My name is Christoph, I’m from Germany and I love soundtracks, trailer music, classical music and some genres of EDM.

Some of my favourite composers are John Williams, John Powell, David Arnold, Chopin and Rachmaninov.

A couple of years ago I got interested in producing music. I bought Cubase 6.5, some soft synths like Sylenth1 and Spire and started to play around. A year later I got Komplete 9, Hollywood Brass Gold and 8Dio Adagietto. So I started to fiddle around with orchestral libraries. Nothing serious.

This year I decided to take it a step further. With just a rudimentary knowledge of music theory - I learned to play soprano/alto recorder and the piano as a child but unfortunately I haven’t played any instruments for the last 20 years - I felt very limited and therefore I started to learn music theory recently. Let’s see if I’ll reach my goal of composing my own orchestral music in the not too far future .

I’ve been reading this forum for quite some time.

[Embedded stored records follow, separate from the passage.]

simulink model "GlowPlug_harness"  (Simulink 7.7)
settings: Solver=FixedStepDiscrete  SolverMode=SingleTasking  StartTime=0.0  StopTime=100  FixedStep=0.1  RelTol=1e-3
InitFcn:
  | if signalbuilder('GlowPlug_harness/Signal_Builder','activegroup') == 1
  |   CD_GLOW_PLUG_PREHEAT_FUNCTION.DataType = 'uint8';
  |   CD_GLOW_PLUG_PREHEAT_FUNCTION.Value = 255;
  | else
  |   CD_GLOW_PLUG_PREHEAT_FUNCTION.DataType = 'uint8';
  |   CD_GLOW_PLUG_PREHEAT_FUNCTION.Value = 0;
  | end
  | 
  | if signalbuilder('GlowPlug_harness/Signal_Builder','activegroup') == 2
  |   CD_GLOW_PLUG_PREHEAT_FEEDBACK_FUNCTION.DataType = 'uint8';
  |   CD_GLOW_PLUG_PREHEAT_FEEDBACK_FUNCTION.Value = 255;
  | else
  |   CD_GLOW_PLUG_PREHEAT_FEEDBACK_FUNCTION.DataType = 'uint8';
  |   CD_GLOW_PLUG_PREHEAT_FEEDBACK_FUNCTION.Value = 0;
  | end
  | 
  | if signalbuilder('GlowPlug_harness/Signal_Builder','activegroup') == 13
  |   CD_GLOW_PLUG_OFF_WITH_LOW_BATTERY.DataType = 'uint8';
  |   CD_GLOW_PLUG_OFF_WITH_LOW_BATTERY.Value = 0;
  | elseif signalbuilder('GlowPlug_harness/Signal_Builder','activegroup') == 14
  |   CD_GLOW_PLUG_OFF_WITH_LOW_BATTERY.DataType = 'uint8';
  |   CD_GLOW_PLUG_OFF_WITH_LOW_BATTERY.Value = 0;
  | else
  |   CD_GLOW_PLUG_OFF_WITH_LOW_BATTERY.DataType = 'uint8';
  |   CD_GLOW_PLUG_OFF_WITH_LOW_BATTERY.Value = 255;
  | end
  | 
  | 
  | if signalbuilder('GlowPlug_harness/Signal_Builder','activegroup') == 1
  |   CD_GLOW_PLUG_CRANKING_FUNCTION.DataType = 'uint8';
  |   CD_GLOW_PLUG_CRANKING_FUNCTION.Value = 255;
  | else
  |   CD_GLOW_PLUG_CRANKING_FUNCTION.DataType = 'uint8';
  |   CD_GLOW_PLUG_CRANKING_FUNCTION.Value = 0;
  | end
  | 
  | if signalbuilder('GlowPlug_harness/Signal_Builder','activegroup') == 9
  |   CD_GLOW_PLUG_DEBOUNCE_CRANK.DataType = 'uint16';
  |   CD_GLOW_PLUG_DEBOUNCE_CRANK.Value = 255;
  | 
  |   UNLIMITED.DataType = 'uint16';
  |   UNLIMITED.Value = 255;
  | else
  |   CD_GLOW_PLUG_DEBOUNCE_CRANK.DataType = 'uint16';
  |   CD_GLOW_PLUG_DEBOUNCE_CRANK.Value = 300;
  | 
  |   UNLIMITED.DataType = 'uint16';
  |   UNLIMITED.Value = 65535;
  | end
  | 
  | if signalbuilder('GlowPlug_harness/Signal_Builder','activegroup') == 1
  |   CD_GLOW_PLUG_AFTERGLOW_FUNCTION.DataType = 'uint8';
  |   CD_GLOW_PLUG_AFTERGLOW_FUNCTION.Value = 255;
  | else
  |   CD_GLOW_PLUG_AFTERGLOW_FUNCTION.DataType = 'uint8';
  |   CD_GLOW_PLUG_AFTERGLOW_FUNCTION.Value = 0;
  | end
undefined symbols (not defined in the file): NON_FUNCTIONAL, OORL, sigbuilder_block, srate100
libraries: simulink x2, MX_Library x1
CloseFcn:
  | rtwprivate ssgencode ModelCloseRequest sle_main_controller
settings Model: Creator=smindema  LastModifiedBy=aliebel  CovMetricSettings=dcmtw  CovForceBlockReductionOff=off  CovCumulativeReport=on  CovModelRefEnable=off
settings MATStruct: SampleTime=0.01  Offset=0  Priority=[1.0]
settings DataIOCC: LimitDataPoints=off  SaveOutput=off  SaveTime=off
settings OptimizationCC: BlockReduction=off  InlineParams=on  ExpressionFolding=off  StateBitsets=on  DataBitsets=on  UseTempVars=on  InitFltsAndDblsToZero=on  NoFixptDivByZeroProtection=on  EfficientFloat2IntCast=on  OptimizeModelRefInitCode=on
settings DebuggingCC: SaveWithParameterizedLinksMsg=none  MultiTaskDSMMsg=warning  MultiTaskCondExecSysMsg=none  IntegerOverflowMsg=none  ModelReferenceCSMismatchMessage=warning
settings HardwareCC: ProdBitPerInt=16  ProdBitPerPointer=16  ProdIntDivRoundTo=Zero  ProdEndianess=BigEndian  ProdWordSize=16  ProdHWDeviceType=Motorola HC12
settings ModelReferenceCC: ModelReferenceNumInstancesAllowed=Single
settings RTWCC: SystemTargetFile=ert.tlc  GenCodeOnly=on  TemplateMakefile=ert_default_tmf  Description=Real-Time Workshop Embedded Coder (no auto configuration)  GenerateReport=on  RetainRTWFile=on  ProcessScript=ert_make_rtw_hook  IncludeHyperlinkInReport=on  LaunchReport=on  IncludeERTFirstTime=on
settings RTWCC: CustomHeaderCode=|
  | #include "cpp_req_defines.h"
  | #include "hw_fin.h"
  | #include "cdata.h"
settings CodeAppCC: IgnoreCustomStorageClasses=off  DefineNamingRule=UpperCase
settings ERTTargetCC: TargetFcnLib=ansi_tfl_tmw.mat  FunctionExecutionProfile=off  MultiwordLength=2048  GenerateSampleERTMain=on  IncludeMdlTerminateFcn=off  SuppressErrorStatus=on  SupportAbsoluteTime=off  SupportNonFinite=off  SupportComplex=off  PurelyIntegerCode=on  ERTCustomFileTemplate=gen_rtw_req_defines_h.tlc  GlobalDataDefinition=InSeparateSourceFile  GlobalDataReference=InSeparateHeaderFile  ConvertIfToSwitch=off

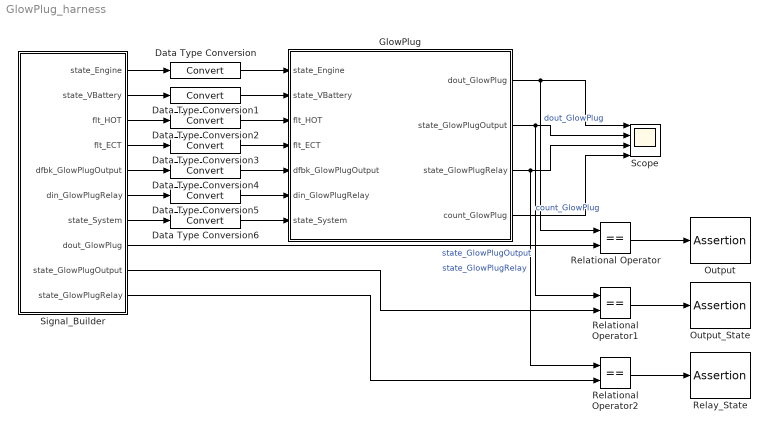
== system GlowPlug_harness ==
  Data Type Conversion{,1..6} (7 alike) : DataTypeConversion
  GlowPlug : Subsystem  TreatAsAtomicUnit=on  SystemSampleTime=srate100  RTWFileName=mod_Outputs
      settings: RTWSystemCode=Function  RTWFileNameOpts=User specified
  Output : Assertion  Enabled=off
  Output_State : Assertion  Enabled=off
  Relational Operator : RelationalOperator  Operator===  OutDataTypeStr=boolean
  Relational Operator1 : RelationalOperator  Operator===  OutDataTypeStr=boolean
  Relational Operator2 : RelationalOperator  Operator===  OutDataTypeStr=boolean
  Relay_State : Assertion  Enabled=off
  Scope : Scope  NumInputPorts=4
      settings: TimeRange=100  YMin=0~5~7~0  YMax=1~30~9~200  MaxDataPoints=50000
  Signal_Builder : Subsystem  Tag=STV Subsys  LoadFcn=sigbuilder_block('load',[166.5 143.25 1074 597.75 ]);  StartFcn=sigbuilder_block('start');  StopFcn=sigbuilder_block('stop');  ClipboardFcn=sigbuilder_block('clipboard');  mask(Sigbuilder block){}
      mask help: Create and generate interchangeable groups of signals whose waveforms are piecewise linear.
      mask init:
      | if ~strcmp(get_param(bdroot(gcbh),'SimulationStatus'),'stopped') tuvar = sigbuilder_block('maskInit'); end
      settings: CopyFcn=sigbuilder_block('copy');  DeleteFcn=sigbuilder_block('delete');  ModelCloseFcn=sigbuilder_block('modelClose');  PreSaveFcn=sigbuilder_block('preSave');  NameChangeFcn=sigbuilder_block('namechange');  OpenFcn=sigbuilder_block('open',[1274.25 150 1074 597.75 ]);  CloseFcn=sigbuilder_block('close');
      mask Display: plot(0,0,100,100,[10,10,40,40,10],[80,20,20,80,80],[40,10],[50,50], [40,27,10],[65,72,56],[40,25,25,10],[28,28,43,43]);
  wires:
  Signal_Builder/1(state_Engine) -> Data Type Conversion/1
  Data Type Conversion/1 -> GlowPlug/1(state_Engine)
  Relational Operator/1 -> Output/1
  Relational Operator1/1 -> Output_State/1
  Relational Operator2/1 -> Relay_State/1
  Signal_Builder/2(state_VBattery) -> Data Type Conversion1/1
  Signal_Builder/3(flt_HOT) -> Data Type Conversion2/1
  Signal_Builder/4(flt_ECT) -> Data Type Conversion3/1
  Signal_Builder/5(dfbk_GlowPlugOutput) -> Data Type Conversion4/1
  Signal_Builder/6(din_GlowPlugRelay) -> Data Type Conversion5/1
  Signal_Builder/7(state_System) -> Data Type Conversion6/1
  Data Type Conversion1/1 -> GlowPlug/2(state_VBattery)
  Data Type Conversion2/1 -> GlowPlug/3(flt_HOT)
  Data Type Conversion3/1 -> GlowPlug/4(flt_ECT)
  Data Type Conversion4/1 -> GlowPlug/5(dfbk_GlowPlugOutput)
  Data Type Conversion5/1 -> GlowPlug/6(din_GlowPlugRelay)
  Data Type Conversion6/1 -> GlowPlug/7(state_System)
  GlowPlug/1(dout_GlowPlug) -> Scope/1, Relational Operator/1  "dout_GlowPlug"
  GlowPlug/2(state_GlowPlugOutput) -> Scope/2, Relational Operator1/1  "state_GlowPlugOutput"
  GlowPlug/3(state_GlowPlugRelay) -> Scope/3, Relational Operator2/1  "state_GlowPlugRelay"
  GlowPlug/4(count_GlowPlug) -> Scope/4  "count_GlowPlug"
  Signal_Builder/8(dout_GlowPlug) -> Relational Operator/2
  Signal_Builder/9(state_GlowPlugOutput) -> Relational Operator1/2
  Signal_Builder/10(state_GlowPlugRelay) -> Relational Operator2/2

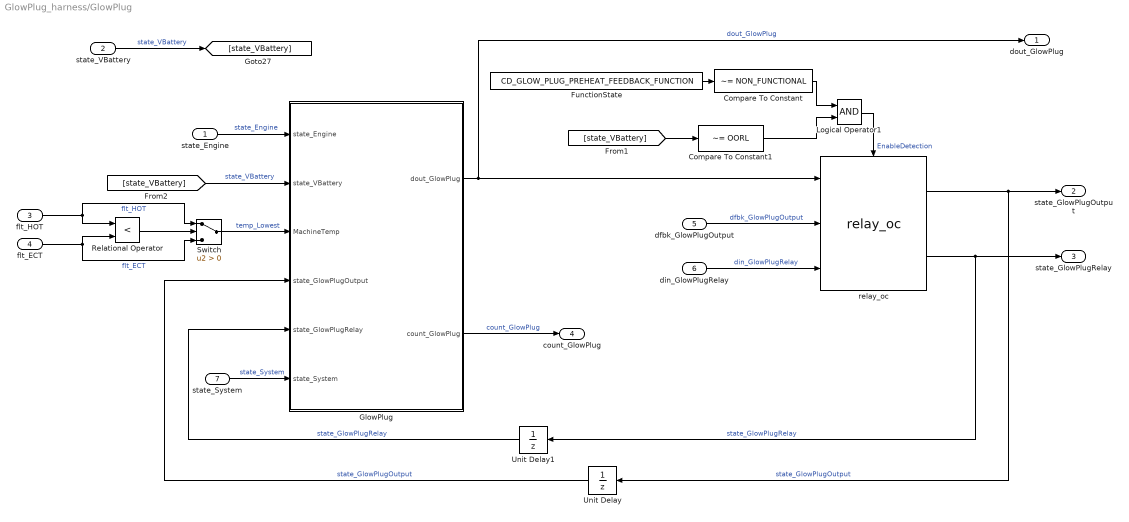
== system GlowPlug_harness/GlowPlug ==
  state_Engine : Inport
  state_VBattery : Inport  Port=2
  flt_HOT : Inport  Port=3
  flt_ECT : Inport  Port=4
  dfbk_GlowPlugOutput : Inport  Port=5
  din_GlowPlugRelay : Inport  Port=6
  state_System : Inport  Port=7
  Compare To Constant : simulink/Logic and Bit Operations/Compare To Constant  SystemSampleTime=-1  relop=~=  const=NON_FUNCTIONAL  LogicOutDataTypeMode=boolean  ZeroCross=off
  Compare To Constant1 : simulink/Logic and Bit Operations/Compare To Constant  SystemSampleTime=-1  relop=~=  const=OORL  LogicOutDataTypeMode=boolean  ZeroCross=off
  FunctionState : Constant  Value=CD_GLOW_PLUG_PREHEAT_FEEDBACK_FUNCTION  OutDataTypeStr=uint8
  GlowPlug : Stateflow chart  TreatAsAtomicUnit=on
  Logical Operator1 : Logic  AllPortsSameDT=off  OutDataTypeStr=boolean
  Relational Operator : RelationalOperator  Operator=<  OutDataTypeStr=boolean  ZeroCross=off
  Switch : Switch  Criteria=u2 > Threshold  ZeroCross=off
  Unit Delay : UnitDelay  X0=8  SampleTime=-1
      settings: AttributesFormatString=<initial=%<X0>>\n<tsample=%<SampleTime>>
  Unit Delay1 : UnitDelay  X0=8  SampleTime=-1
      settings: AttributesFormatString=<initial=%<X0>>\n<tsample=%<SampleTime>>
  relay_oc : MX_Library/relay_oc  SystemSampleTime=-1  ERROR_ON_DB_CNT=CD_GLOW_PLUG_DEBOUNCE_ERROR_ON  ERROR_OFF_DB_CNT=CD_GLOW_PLUG_DEBOUNCE_ERROR_OFF  NORMAL_DB_CNT=CD_GLOW_PLUG_DEBOUNCE_NORMAL
  dout_GlowPlug : Outport
  state_GlowPlugOutput : Outport  Port=2
  state_GlowPlugRelay : Outport  Port=3
  count_GlowPlug : Outport  Port=4
  wires:
  [state_VBattery] -> GlowPlug/2(state_VBattery)  "state_VBattery"
  Switch/1 -> GlowPlug/3(MachineTemp)  "temp_Lowest"
  flt_HOT/1 -> Switch/1, Relational Operator/1  "flt_HOT"
  flt_ECT/1 -> Switch/3, Relational Operator/2  "flt_ECT"
  Relational Operator/1 -> Switch/2
  state_System/1 -> GlowPlug/6(state_System)  "state_System"
  GlowPlug/2(count_GlowPlug) -> count_GlowPlug/1  "count_GlowPlug"
  state_VBattery/1 -> [state_VBattery]  "state_VBattery"
  Logical Operator1/1 -> relay_oc/Enable  "EnableDetection"
  Compare To Constant1/1 -> Logical Operator1/2
  Compare To Constant/1 -> Logical Operator1/1
  [state_VBattery] -> Compare To Constant1/1
  FunctionState/1 -> Compare To Constant/1
  Unit Delay1/1 -> GlowPlug/5(state_GlowPlugRelay)  "state_GlowPlugRelay"
  Unit Delay/1 -> GlowPlug/4(state_GlowPlugOutput)  "state_GlowPlugOutput"
  GlowPlug/1(dout_GlowPlug) -> dout_GlowPlug/1, relay_oc/1  "dout_GlowPlug"
  state_Engine/1 -> GlowPlug/1(state_Engine)  "state_Engine"
  din_GlowPlugRelay/1 -> relay_oc/3  "din_GlowPlugRelay"
  dfbk_GlowPlugOutput/1 -> relay_oc/2  "dfbk_GlowPlugOutput"
  relay_oc/2 -> Unit Delay1/1, state_GlowPlugRelay/1  "state_GlowPlugRelay"
  relay_oc/1 -> Unit Delay/1, state_GlowPlugOutput/1  "state_GlowPlugOutput"

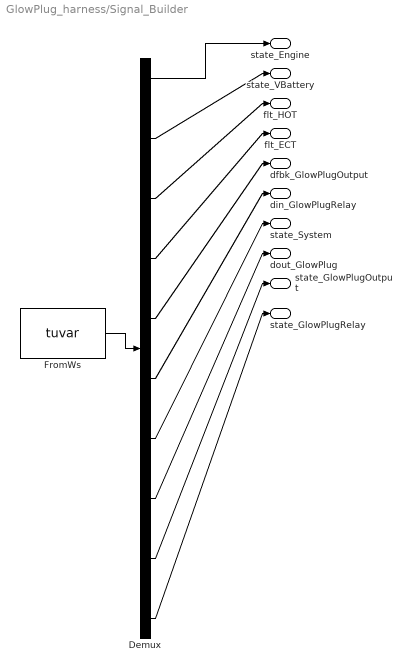
== system GlowPlug_harness/Signal_Builder ==
  Demux : Demux  Tag=STV Demux  Outputs=10
  FromWs : FromWorkspace  Tag=STV FromWs  VariableName=tuvar  SampleTime=0  SigBuilderData=DataTag0  VnvData=DataTag1
      SigBuilderData=|
      | common.afterFinalStr = 'Extrapolate'
      | common.sampleTime = 0
      | dataSet(1).timeRange = [0 100]
      | dataSet(1).name = 'T1_Nonfunc'
      | dataSet(2).timeRange = [0 100]
      | dataSet(2).name = 'T2-No_Feedback'
      | dataSet(3).timeRange = [0 100]
      | dataSet(3).name = 'T3-Level0'
      | dataSet(4).timeRange = [0 100]
      | dataSet(4).name = 'T4-Level1'
      | dataSet(5).timeRange = [0 100]
      | dataSet(5).name = 'T5-Level2'
      | dataSet(6).timeRange = [0 100]
      | dataSet(6).name = 'T6-Level3'
      | dataSet(7).timeRange = [0 100]
      | dataSet(7).name = 'T7-Out_ErrOnOff'
      | dataSet(8).timeRange = [0 100]
      | dataSet(8).name = 'T8-Relay_ErrOnOff'
      | dataSet(9).timeRange = [0 100]
      | dataSet(9).name = 'T9-Out_OC_Failure'
      | dataSet(10).timeRange = [0 100]
      | dataSet(10).name = 'T10-Afterglow_Failure'
      | dataSet(11).timeRange = [0 100]
      | dataSet(11).name = 'T11-Failure2'
      | dataSet(12).timeRange = [0 100]
      | dataSet(12).name = 'T12-System'
      | dataSet(13).timeRange = [0 100]
      | dataSet(13).name = 'T13-Voltage'
      | dataSet(14).timeRange = [0 100]
      | dataSet(14).name = 'T14-Voltage2'
      | dataSet(15).timeRange = [0 100]
      | dataSet(15).name = 'T15-ErrorOn'
      | sbobj.Groups(1).Name = 'T1_Nonfunc'
      | sbobj.Groups(1).Signals(1).Name = 'state_Engine'
      | sbobj.Groups(1).Signals(1).XData = [0 39.9 39.9 50.1 50.1 59.9 59.9 100]
      | sbobj.Groups(1).Signals(1).YData = [1 1 2 2 3 3 1 1]
      | sbobj.Groups(1).Signals(2).Name = 'state_VBattery'
      | sbobj.Groups(1).Signals(2).XData = [0 100]
      | sbobj.Groups(1).Signals(2).YData = [8 8]
      | sbobj.Groups(1).Signals(3).Name = 'flt_HOT'
      | sbobj.Groups(1).Signals(3).XData = [0 100]
      | sbobj.Groups(1).Signals(3).YData = [50 50]
      | sbobj.Groups(1).Signals(4).Name = 'flt_ECT'
      | sbobj.Groups(1).Signals(4).XData = [0 100]
      | sbobj.Groups(1).Signals(4).YData = [40 40]
      | sbobj.Groups(1).Signals(5).Name = 'dfbk_GlowPlugOutput'
      | sbobj.Groups(1).Signals(5).XData = [0 100]
      | sbobj.Groups(1).Signals(5).YData = [0 0]
      | sbobj.Groups(1).Signals(6).Name = 'din_GlowPlugRelay'
      | sbobj.Groups(1).Signals(6).XData = [0 100]
      | sbobj.Groups(1).Signals(6).YData = [0 0]
      | sbobj.Groups(1).Signals(7).Name = 'state_System'
      | sbobj.Groups(1).Signals(7).XData = [0 20 20 100]
      | sbobj.Groups(1).Signals(7).YData = [1 1 0 0]
      | sbobj.Groups(1).Signals(8).Name = 'dout_GlowPlug'
      | sbobj.Groups(1).Signals(8).XData = [0 100]
      | sbobj.Groups(1).Signals(8).YData = [0 0]
      | sbobj.Groups(1).Signals(9).Name = 'state_GlowPlugOutput'
      | sbobj.Groups(1).Signals(9).XData = [0 100]
      | sbobj.Groups(1).Signals(9).YData = [8 8]
      | sbobj.Groups(1).Signals(10).Name = 'state_GlowPlugRelay'
      | sbobj.Groups(1).Signals(10).XData = [0 100]
      | sbobj.Groups(1).Signals(10).YData = [8 8]
      | sbobj.Groups(2).Name = 'T2-No_Feedback'
      | sbobj.Groups(2).Signals(1).Name = 'state_Engine'
      | sbobj.Groups(2).Signals(1).XData = [0 10 10 50.2 50.2 100]
      | sbobj.Groups(2).Signals(1).YData = [1 1 2 2 1 1]
      | sbobj.Groups(2).Signals(2).Name = 'state_VBattery'
      | sbobj.Groups(2).Signals(2).XData = [0 100]
      | sbobj.Groups(2).Signals(2).YData = [8 8]
      | sbobj.Groups(2).Signals(3).Name = 'flt_HOT'
      | sbobj.Groups(2).Signals(3).XData = [0 100]
      | sbobj.Groups(2).Signals(3).YData = [50 50]
      | sbobj.Groups(2).Signals(4).Name = 'flt_ECT'
      | sbobj.Groups(2).Signals(4).XData = [0 100]
      | sbobj.Groups(2).Signals(4).YData = [40 40]
      | sbobj.Groups(2).Signals(5).Name = 'dfbk_GlowPlugOutput'
      | sbobj.Groups(2).Signals(5).XData = [0 100]
      | sbobj.Groups(2).Signals(5).YData = [0 0]
      | sbobj.Groups(2).Signals(6).Name = 'din_GlowPlugRelay'
      | sbobj.Groups(2).Signals(6).XData = [0 5.4 5.4 100]
      | sbobj.Groups(2).Signals(6).YData = [1 1 0 0]
      | sbobj.Groups(2).Signals(7).Name = 'state_System'
      | sbobj.Groups(2).Signals(7).XData = [0 100]
      | sbobj.Groups(2).Signals(7).YData = [1 1]
      | sbobj.Groups(2).Signals(8).Name = 'dout_GlowPlug'
      | sbobj.Groups(2).Signals(8).XData = [0 0.6 0.6 10 10 10.1 10.1 40.2 40.2 100]
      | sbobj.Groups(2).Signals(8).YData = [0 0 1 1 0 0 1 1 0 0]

Great place.

Looking forward to having a good time here.


----------



## Jaap (Oct 1, 2018)

Welcome Chris  nice taste of music you have and you came certainly to the right place here!


----------



## MartinH. (Oct 1, 2018)

Chris Wagner said:


> John Williams [...] Let’s see if I’ll reach my goal of composing my own orchestral music in the not too far future .



Check this channel out and welcome to the forum: 
https://www.youtube.com/user/MikeVerta/videos


----------



## Chris Wagner (Oct 3, 2018)

Jaap said:


> Welcome Chris  nice taste of music you have and you came certainly to the right place here!


Thank you, Jaap.



MartinH. said:


> Check this channel out and welcome to the forum:
> https://www.youtube.com/user/MikeVerta/videos


Hey Martin. I'll do so. Thanks.


----------



## dog1978 (Oct 4, 2018)

Hi Chris,

I am from germany, too 

Gruß Tim


----------



## stonzthro (Oct 4, 2018)

Welcome to VI-C, Chris!


----------



## Wolf68 (Oct 8, 2018)

Hello Chris, welcome to the Forum.
I appreciate your favorite's Composer list!


----------



## Chris Wagner (Oct 10, 2018)

Thank you so much for the warm welcome.



dog1978 said:


> Hi Chris,
> 
> I am from germany, too
> 
> Gruß Tim



Sehr gut.


----------



## igwanna (Oct 11, 2018)

welcome Chris you have the name of a great composer i love!


----------



## Chris Wagner (Oct 11, 2018)

igwanna said:


> welcome Chris you have the name of a great composer i love!


Thanks 

Unfortunately I'm not related to him.


----------



## HiEnergy (Oct 11, 2018)

Herzlich willkommen, Chris!


----------



## Chris Wagner (Oct 11, 2018)

HiEnergy said:


> Herzlich willkommen, Chris!


Besten Dank!


----------



## Blackster (Oct 11, 2018)

Welcome!  Nice regards from Vienna!


----------